Drugmaker Mallinckrodt plunged after it said sales of its costly HP Acthar gel have been hurt because fewer prescriptions are being filled. It said revenue from the drug will decline in the fourth quarter. The company also reported weaker sales of generic drugs. Already trading at all-time lows, the stock dropped $11.07, or 35.5 percent, to $20.11.

Benchmark U.S. crude fell 15 cents to $57.20 a barrel in New York. Brent crude, used to price international oils, dipped 58 cents to $63.69 a barrel in London. Oil prices rose about 3 percent Monday and hit two-year highs after a wave of arrests of princes and other officials in Saudi Arabia. Investors wondered if the upheaval could affect oil supplies and prices.

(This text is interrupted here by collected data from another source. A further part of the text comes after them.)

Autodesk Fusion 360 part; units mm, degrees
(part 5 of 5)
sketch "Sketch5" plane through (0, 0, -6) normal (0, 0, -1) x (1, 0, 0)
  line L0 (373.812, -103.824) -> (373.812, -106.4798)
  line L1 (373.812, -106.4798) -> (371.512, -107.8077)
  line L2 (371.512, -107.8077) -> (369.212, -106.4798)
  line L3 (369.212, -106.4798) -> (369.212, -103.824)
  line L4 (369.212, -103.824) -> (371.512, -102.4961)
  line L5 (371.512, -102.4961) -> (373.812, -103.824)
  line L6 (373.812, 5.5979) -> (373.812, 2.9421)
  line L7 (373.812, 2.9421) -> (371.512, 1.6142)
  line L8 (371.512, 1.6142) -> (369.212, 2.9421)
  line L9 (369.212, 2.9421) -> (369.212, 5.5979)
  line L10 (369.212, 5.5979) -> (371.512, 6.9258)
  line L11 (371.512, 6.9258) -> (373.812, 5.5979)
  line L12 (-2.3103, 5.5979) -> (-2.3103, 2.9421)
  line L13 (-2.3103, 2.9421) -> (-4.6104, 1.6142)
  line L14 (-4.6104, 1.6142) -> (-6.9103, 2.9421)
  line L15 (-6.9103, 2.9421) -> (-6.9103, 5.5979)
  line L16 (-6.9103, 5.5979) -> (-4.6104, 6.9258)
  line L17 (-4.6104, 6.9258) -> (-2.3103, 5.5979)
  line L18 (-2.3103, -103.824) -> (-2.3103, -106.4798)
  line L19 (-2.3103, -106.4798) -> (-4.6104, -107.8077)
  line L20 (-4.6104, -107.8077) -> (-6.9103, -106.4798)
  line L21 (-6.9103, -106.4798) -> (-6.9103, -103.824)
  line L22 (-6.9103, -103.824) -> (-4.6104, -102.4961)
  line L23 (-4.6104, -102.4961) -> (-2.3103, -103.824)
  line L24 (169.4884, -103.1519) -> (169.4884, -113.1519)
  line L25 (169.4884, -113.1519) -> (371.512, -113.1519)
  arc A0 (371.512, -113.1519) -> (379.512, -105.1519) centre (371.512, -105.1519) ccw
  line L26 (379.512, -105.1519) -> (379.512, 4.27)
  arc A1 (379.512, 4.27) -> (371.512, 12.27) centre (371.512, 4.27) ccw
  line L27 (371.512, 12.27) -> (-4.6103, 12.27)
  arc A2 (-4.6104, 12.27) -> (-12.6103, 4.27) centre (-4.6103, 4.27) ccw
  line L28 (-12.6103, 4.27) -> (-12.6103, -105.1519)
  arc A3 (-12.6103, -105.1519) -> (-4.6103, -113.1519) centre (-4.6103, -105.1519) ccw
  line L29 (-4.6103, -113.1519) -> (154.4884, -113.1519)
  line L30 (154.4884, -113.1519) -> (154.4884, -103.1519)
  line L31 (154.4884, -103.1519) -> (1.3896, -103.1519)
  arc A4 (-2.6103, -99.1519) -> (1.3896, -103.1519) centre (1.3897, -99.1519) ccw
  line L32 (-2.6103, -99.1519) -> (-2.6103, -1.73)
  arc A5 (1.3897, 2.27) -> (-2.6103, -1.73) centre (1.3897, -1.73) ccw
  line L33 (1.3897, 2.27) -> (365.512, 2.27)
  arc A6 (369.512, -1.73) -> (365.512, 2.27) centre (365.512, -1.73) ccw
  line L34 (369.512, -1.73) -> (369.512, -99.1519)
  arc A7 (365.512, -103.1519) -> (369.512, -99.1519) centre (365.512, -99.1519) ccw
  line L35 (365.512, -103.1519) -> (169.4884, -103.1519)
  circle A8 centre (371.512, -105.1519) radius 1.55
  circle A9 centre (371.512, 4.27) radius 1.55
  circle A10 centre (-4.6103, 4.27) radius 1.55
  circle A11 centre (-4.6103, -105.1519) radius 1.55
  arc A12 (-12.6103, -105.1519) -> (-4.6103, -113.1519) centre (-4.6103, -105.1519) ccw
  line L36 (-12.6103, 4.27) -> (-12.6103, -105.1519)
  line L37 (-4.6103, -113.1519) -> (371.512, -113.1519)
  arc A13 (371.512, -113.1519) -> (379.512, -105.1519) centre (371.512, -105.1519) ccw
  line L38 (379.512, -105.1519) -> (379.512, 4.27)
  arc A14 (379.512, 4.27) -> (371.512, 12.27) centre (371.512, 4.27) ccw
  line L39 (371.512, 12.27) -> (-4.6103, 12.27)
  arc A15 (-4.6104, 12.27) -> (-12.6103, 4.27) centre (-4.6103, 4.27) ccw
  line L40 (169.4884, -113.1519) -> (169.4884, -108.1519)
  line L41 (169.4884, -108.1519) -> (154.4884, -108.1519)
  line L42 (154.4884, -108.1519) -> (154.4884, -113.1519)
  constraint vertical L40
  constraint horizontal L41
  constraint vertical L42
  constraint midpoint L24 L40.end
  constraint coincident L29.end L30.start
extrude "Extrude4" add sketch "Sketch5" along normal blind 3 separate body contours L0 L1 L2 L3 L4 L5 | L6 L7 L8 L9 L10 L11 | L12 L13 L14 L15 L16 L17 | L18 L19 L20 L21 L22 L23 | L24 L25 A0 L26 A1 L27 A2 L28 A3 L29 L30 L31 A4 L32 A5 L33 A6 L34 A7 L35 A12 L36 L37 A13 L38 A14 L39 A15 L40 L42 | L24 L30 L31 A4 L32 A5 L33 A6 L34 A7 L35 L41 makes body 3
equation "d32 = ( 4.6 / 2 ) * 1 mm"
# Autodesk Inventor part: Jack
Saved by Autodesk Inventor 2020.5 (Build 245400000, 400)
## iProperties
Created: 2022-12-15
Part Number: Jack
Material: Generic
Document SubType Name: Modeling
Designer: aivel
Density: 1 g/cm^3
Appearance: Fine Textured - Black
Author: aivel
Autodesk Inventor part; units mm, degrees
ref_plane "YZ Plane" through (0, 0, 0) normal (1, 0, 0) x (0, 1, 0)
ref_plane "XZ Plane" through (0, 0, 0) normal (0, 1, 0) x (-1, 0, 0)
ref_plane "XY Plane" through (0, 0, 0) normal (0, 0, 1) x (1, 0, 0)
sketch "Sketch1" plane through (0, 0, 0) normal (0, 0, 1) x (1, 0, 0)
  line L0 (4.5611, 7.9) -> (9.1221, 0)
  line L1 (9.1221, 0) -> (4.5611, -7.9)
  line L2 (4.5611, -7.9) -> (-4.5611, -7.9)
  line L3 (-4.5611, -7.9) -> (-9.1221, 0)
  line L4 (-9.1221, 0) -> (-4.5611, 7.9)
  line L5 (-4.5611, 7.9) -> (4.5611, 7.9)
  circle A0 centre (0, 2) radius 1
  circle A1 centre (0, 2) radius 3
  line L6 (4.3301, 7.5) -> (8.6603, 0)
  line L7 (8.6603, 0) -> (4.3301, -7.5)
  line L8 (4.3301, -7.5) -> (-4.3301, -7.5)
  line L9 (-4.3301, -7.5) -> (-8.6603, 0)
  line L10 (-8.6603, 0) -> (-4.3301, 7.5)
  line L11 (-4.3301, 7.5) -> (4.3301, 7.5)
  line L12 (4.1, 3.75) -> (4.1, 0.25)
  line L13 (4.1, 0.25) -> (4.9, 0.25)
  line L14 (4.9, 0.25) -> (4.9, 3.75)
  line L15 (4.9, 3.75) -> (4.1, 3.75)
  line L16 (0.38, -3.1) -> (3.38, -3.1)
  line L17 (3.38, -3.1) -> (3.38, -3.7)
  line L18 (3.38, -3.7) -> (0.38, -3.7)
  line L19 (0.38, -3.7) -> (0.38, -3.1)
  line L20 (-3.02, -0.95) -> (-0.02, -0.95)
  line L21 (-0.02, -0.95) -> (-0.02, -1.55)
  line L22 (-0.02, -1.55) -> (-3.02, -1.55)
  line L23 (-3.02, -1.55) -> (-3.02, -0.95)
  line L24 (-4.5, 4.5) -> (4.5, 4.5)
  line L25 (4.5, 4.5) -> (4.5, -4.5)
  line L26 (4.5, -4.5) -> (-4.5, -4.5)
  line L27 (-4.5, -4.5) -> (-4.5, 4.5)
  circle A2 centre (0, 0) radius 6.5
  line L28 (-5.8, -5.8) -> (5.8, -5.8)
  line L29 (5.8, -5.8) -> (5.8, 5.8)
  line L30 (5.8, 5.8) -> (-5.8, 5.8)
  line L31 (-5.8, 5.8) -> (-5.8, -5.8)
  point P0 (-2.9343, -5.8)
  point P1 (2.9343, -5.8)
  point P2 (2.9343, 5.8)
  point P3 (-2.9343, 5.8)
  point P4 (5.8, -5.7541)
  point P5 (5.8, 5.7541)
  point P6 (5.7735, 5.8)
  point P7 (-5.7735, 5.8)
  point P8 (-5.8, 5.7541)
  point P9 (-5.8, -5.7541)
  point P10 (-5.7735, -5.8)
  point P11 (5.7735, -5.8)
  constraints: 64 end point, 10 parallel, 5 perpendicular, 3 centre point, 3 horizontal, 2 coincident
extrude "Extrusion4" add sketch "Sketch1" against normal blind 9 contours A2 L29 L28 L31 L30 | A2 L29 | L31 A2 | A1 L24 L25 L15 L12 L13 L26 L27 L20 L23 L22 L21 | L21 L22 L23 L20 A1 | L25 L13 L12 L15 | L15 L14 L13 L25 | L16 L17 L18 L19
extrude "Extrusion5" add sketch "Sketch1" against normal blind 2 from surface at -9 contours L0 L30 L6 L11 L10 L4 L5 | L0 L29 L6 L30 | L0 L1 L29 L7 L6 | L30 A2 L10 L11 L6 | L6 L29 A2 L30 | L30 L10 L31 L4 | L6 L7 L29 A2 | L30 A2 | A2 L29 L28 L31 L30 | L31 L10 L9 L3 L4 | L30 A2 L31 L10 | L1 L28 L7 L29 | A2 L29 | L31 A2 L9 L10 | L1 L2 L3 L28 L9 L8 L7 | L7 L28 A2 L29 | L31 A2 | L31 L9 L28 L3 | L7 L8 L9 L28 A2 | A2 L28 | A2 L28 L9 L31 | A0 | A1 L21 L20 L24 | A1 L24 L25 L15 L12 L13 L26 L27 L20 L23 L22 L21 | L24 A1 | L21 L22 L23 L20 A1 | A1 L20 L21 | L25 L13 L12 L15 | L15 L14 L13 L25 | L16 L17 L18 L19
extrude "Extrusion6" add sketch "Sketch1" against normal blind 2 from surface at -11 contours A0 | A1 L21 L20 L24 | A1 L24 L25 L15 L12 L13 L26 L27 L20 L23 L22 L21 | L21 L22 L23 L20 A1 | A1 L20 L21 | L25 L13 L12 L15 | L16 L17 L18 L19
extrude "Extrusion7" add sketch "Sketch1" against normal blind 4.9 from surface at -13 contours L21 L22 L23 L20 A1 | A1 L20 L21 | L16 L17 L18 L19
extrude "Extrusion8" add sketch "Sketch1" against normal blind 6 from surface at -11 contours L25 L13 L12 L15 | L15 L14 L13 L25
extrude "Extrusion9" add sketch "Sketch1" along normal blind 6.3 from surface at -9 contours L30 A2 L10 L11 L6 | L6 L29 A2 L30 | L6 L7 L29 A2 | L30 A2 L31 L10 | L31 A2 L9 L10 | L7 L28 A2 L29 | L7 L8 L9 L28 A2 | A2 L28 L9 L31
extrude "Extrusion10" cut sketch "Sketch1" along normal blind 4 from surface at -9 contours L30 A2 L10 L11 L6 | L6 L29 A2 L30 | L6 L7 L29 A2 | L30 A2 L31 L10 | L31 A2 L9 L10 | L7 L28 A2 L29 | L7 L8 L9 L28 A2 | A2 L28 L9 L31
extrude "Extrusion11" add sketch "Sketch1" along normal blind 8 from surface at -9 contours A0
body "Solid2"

Wholesale gasoline lost 1 cent to $1.82 a gallon. Heating oil fell 2 cents to $1.92 a gallon. Natural gas rose 2 cents to $3.15 per 1,000 cubic feet.

Gold lost $5.80 to $1,275.80 an ounce. Silver fell 30 cents to $16.94 an ounce. Copper declined 7 cents to $3.09 a pound.

The dollar rose to 113.87 yen from 113.77 yen. The euro fell to $1.1589 from $1.1606.

European stocks fell. The British FTSE 100 and the German DAX each shed 0.7 percent. The CAC 40 in France lost 0.5 percent. Tokyo’s Nikkei 225 jumped 1.7 percent and Hong Kong’s Hang Seng advanced 1.3 percent. In Seoul, the Kospi lost 0.2 percent.